Manuscript | Spatial Transcriptomics to define transcriptional patterns of zonation and structural components in the liver
I’m thrilled to announce that a collaboration with my good friend and colleague, Franziska Hildebrandt, now has matured to the state of being ready for journal submission, which also coincides with a pre-print upload to bioRxiv.
The pre-print is titled “Spatial Transcriptomics to define transcriptional patterns of zonation and structural components in the liver”, and focus on the application of ST2K (similar to the old legacy ST1K and the newer Visium platform). It is the first time that ST (Spatial Transcriptomics) has been applied to the mouse liver, and aims to show how the technique enables the liver to be explored from new, different and illuminating perspective. A lot of standard analysis, such as clustering and identification of differential genes (DEGs) are presented in the paper and show affirmative results, attesting to the (experimental) method’s ability to delineate regions with various expression profiles (often overlapping well with morphological structures).
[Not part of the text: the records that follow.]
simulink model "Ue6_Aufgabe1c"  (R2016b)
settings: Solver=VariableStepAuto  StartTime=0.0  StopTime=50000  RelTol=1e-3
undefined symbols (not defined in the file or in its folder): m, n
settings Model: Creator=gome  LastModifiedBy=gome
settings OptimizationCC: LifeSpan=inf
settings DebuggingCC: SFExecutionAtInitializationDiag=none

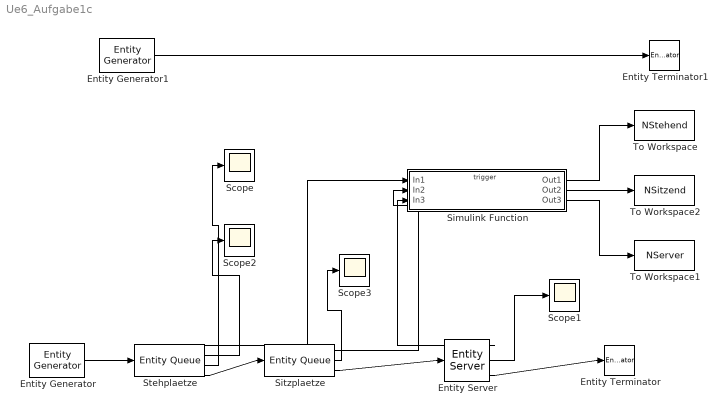
== system Ue6_Aufgabe1c ==
  Entity Generator : EntityGenerator  OutputPortMessageModes=m  TimeSource=MATLAB action  IntergenerationTimeAction=|  EntityType=Structured  EntityTypeName=Entity
      | persistent init
      | if isempty(init)
      |     init = 1;
      |     rng(1);
      | end
      | lambda = 8;
      | dt = exprnd(1/lambda);
  Entity Generator1 : EntityGenerator  OutputPortMessageModes=m  TimeSource=MATLAB action  Period=0.1  IntergenerationTimeAction=|  GenerateAction=getQueueLength  EntityType=Structured  EntityTypeName=Entity
      | persistent init
      | if isempty(init)
      |     init = 1;
      |     rng(23415416);
      | end
      | dt = exprnd(0.1);
  Entity Server : EntityServer  InputPortMessageModes=m  OutputPortMessageModes=n,n,m  Capacity=1  ServiceTimeSource=MATLAB action  ServiceTimeAction=|  NumberEntitiesInBlock=on  Utilization=on
      | persistent init
      | if isempty(init)
      |     init = 1;
      |     rng(4532134);
      | end
      | %mu = 16.9169;
      | mu = 10;
      | dt = exprnd(1/mu);
      settings: OutputPortMap=o1,o5,o9
  Entity Terminator : EntityTerminator  InputPortMessageModes=m
  Entity Terminator1 : EntityTerminator  InputPortMessageModes=m
  Scope{,1..3} (4 alike) : Scope
  Simulink Function : Subsystem  TreatAsAtomicUnit=on
  Sitzplaetze : EntityQueue  InputPortMessageModes=m  OutputPortMessageModes=n,n,m  Capacity=2  NumberEntitiesInBlock=on  AverageWait=on
      settings: OutputPortMap=o1,o2,o5
  Stehplaetze : EntityQueue  InputPortMessageModes=m  OutputPortMessageModes=n,n,n,m  Capacity=inf  NumberEntitiesInBlock=on  AverageWait=on  AverageQueueLength=on
      settings: OutputPortMap=o1,o2,o3,o5
  To Workspace : ToWorkspace  VariableName=NStehend  SampleTime=-1
  To Workspace1 : ToWorkspace  VariableName=NServer  SampleTime=-1
  To Workspace2 : ToWorkspace  VariableName=NSitzend  SampleTime=-1
  wires:
  Entity Generator/1 -> Stehplaetze/1
  Stehplaetze/4 -> Sitzplaetze/1
  Entity Server/3 -> Entity Terminator/1
  Stehplaetze/3 -> Scope/1
  Stehplaetze/1 -> Simulink Function/1(In1)
  Simulink Function/1(Out1) -> To Workspace/1
  Entity Generator1/1 -> Entity Terminator1/1
  Entity Server/2 -> Scope1/1
  Simulink Function/3(Out3) -> To Workspace1/1
  Entity Server/1 -> Simulink Function/3(In3)
  Stehplaetze/2 -> Scope2/1
  Sitzplaetze/3 -> Entity Server/1
  Sitzplaetze/1 -> Simulink Function/2(In2)
  Simulink Function/2(Out2) -> To Workspace2/1
  Sitzplaetze/2 -> Scope3/1

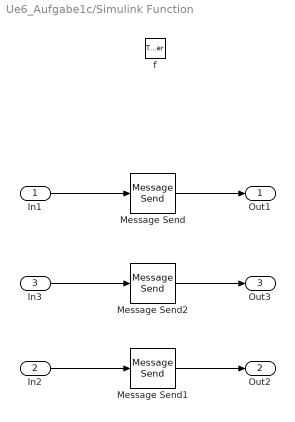
== system Ue6_Aufgabe1c/Simulink Function ==
  In1 : Inport
  In2 : Inport  Port=2
  In3 : Inport  Port=3
  f : TriggerPort  TriggerType=function-call  IsSimulinkFunction=on  FunctionName=getQueueLength  VariantControl=Variant
  Message Send : MessageSend  OutputPortMessageModes=m
      settings: InputPortMap=u1
  Message Send1 : MessageSend  OutputPortMessageModes=m
      settings: InputPortMap=u1
  Message Send2 : MessageSend  OutputPortMessageModes=m
      settings: InputPortMap=u1
  Out1 : Outport
  Out2 : Outport  Port=2
  Out3 : Outport  Port=3
  wires:
  In1/1 -> Message Send/1
  Message Send/1 -> Out1/1
  Message Send1/1 -> Out2/1
  In2/1 -> Message Send1/1
  In3/1 -> Message Send2/1
  Message Send2/1 -> Out3/1

My contribution to this paper was nevertheless slightly different and consisted mainly of two parts:
- Construction of a framework to model feature signals as a function of the distance to a given object.
- Development of a classifier to predict vein type (a binary classification task) based on the expression profiles surrounding a certain genes.
Both concepts are excellent examples of analyses that are exclusive to spatial data, i.e., similar information cannot be obtained from single cell experiments; something I’m keen to highlight, as it is often the case that one fails to make proper use of the “spatial” part in spatial transcriptomics data, and rather treat it as single cell data, to then visualize the results spatially. Both implementations are very simple, but I have not seen similar analyses in ST or Visium data yet, of course that could be due to me not having surveyed the field thoroughly enough, but still. Allow me to elaborate some on these two concepts below.
Feature by distance
In the liver tissue one can broadly classify vein structures as either portal or central based on their position and connections. Previous studies have shown that these structures are associated with slightly different expression profiles, as different celltypes (periportal respective pericentral hepatocytes) are present in them.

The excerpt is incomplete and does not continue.